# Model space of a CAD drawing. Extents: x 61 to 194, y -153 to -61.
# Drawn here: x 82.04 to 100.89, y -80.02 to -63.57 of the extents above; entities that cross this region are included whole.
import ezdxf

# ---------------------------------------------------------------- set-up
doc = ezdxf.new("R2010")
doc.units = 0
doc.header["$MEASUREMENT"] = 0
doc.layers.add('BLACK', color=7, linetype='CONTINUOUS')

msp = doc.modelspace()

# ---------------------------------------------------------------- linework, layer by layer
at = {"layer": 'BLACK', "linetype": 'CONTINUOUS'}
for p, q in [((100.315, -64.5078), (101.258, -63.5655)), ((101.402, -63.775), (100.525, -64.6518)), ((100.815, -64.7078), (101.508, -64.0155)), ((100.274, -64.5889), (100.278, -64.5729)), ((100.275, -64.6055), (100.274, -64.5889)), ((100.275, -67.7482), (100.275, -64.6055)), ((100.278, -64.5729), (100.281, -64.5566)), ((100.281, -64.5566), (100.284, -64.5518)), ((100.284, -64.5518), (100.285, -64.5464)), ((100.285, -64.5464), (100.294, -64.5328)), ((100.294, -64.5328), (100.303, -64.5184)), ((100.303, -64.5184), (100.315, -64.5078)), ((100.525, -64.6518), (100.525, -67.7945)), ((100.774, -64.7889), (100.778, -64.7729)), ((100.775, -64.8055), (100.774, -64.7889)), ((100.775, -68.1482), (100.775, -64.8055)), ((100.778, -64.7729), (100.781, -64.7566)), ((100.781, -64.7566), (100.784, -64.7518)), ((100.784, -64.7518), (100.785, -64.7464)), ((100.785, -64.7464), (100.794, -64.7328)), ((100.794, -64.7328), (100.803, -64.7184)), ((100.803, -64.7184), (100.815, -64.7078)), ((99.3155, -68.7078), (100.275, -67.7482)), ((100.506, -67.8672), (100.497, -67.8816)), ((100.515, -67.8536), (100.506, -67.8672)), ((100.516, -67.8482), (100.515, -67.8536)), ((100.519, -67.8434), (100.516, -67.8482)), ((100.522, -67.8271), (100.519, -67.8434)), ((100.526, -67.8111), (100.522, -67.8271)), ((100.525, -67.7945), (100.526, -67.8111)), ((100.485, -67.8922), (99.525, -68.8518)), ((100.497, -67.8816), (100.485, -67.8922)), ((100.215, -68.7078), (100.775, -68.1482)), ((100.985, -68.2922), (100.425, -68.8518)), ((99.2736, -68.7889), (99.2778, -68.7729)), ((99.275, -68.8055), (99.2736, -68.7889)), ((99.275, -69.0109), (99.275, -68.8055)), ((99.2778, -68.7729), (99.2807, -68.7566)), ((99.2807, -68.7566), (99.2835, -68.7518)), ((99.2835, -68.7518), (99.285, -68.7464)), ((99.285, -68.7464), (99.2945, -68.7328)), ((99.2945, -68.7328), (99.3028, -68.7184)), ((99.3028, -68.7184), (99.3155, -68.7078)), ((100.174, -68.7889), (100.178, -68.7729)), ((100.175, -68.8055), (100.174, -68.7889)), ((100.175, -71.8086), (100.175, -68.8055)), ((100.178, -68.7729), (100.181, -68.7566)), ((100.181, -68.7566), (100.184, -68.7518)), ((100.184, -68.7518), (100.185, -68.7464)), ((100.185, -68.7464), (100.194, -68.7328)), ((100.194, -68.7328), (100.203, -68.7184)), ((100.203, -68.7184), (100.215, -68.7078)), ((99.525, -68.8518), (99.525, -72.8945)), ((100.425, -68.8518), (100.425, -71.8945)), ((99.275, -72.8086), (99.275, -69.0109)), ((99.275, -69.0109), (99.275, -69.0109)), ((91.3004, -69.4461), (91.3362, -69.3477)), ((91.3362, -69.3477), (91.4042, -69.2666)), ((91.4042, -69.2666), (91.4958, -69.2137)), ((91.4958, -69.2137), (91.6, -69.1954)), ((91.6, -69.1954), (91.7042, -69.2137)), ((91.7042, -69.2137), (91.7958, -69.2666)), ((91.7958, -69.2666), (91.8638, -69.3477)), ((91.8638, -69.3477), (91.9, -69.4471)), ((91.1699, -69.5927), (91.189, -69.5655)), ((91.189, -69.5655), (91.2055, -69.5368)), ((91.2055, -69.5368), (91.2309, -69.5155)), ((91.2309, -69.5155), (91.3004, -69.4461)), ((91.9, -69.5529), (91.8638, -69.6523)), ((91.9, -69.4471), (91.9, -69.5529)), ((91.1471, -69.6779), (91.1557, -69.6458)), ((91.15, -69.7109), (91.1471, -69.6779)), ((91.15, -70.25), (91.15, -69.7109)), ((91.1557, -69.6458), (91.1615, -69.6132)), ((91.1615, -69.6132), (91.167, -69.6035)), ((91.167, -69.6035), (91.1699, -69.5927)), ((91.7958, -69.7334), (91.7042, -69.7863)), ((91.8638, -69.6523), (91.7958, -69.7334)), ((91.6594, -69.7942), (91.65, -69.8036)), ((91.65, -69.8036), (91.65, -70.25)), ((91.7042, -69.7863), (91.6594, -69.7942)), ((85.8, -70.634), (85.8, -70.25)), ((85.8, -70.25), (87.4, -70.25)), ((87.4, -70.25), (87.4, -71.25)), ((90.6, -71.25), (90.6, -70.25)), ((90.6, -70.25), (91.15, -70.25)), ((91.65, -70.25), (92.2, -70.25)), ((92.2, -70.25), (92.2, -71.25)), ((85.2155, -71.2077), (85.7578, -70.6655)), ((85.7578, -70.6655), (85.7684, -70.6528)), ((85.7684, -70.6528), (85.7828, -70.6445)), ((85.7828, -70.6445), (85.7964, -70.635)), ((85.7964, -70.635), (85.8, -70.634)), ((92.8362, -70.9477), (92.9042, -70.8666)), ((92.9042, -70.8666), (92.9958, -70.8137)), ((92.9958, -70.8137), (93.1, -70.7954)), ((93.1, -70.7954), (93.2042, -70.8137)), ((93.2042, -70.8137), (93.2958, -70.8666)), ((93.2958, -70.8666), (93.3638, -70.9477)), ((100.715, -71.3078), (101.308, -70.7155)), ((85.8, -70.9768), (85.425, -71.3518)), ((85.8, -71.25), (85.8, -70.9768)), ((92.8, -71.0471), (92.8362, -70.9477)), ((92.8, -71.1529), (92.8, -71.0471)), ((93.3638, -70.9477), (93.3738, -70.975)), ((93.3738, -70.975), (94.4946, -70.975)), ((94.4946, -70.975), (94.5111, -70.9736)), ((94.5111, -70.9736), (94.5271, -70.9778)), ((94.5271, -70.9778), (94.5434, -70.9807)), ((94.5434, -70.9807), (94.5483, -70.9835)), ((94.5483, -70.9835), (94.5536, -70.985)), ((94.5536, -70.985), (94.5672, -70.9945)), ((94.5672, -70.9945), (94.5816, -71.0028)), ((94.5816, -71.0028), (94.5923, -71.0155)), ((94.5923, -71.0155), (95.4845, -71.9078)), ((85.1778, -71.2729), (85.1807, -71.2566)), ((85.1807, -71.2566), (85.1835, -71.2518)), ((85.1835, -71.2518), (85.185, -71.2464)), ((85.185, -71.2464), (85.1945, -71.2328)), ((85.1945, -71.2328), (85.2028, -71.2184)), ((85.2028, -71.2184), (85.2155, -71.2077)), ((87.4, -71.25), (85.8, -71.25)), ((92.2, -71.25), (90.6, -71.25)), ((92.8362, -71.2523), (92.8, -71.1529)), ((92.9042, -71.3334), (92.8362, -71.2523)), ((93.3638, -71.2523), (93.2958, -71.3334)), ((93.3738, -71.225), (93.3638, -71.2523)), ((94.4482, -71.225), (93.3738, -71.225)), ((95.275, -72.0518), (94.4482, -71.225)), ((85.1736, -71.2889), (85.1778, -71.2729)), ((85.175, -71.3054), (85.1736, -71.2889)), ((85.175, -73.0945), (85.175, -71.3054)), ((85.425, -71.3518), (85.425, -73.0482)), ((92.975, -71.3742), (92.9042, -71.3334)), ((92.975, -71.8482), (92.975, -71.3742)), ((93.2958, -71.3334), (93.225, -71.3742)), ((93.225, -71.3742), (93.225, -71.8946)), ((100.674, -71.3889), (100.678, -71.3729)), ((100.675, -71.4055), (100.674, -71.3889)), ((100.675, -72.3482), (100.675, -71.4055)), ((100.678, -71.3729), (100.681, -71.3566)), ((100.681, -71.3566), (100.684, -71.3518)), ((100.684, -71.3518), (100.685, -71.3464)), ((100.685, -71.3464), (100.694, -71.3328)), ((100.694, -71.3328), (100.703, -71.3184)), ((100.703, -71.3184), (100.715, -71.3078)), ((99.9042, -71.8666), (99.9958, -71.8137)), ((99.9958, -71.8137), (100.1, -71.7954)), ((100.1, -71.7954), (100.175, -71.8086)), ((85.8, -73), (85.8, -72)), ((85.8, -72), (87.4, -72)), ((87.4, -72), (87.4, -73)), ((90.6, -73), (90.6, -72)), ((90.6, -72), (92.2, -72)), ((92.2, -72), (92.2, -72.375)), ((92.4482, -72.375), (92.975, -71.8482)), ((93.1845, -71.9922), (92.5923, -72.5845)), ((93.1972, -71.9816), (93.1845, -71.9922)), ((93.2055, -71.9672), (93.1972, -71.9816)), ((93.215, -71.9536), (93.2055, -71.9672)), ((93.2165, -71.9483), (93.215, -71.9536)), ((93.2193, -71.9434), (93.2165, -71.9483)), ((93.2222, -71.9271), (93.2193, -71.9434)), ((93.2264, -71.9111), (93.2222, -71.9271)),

## What to produce
Copy out every line of the data that includes "linetype".

## Problem solution
doc.layers.add('BLACK', color=7, linetype='CONTINUOUS')
at = {"layer": 'BLACK', "linetype": 'CONTINUOUS'}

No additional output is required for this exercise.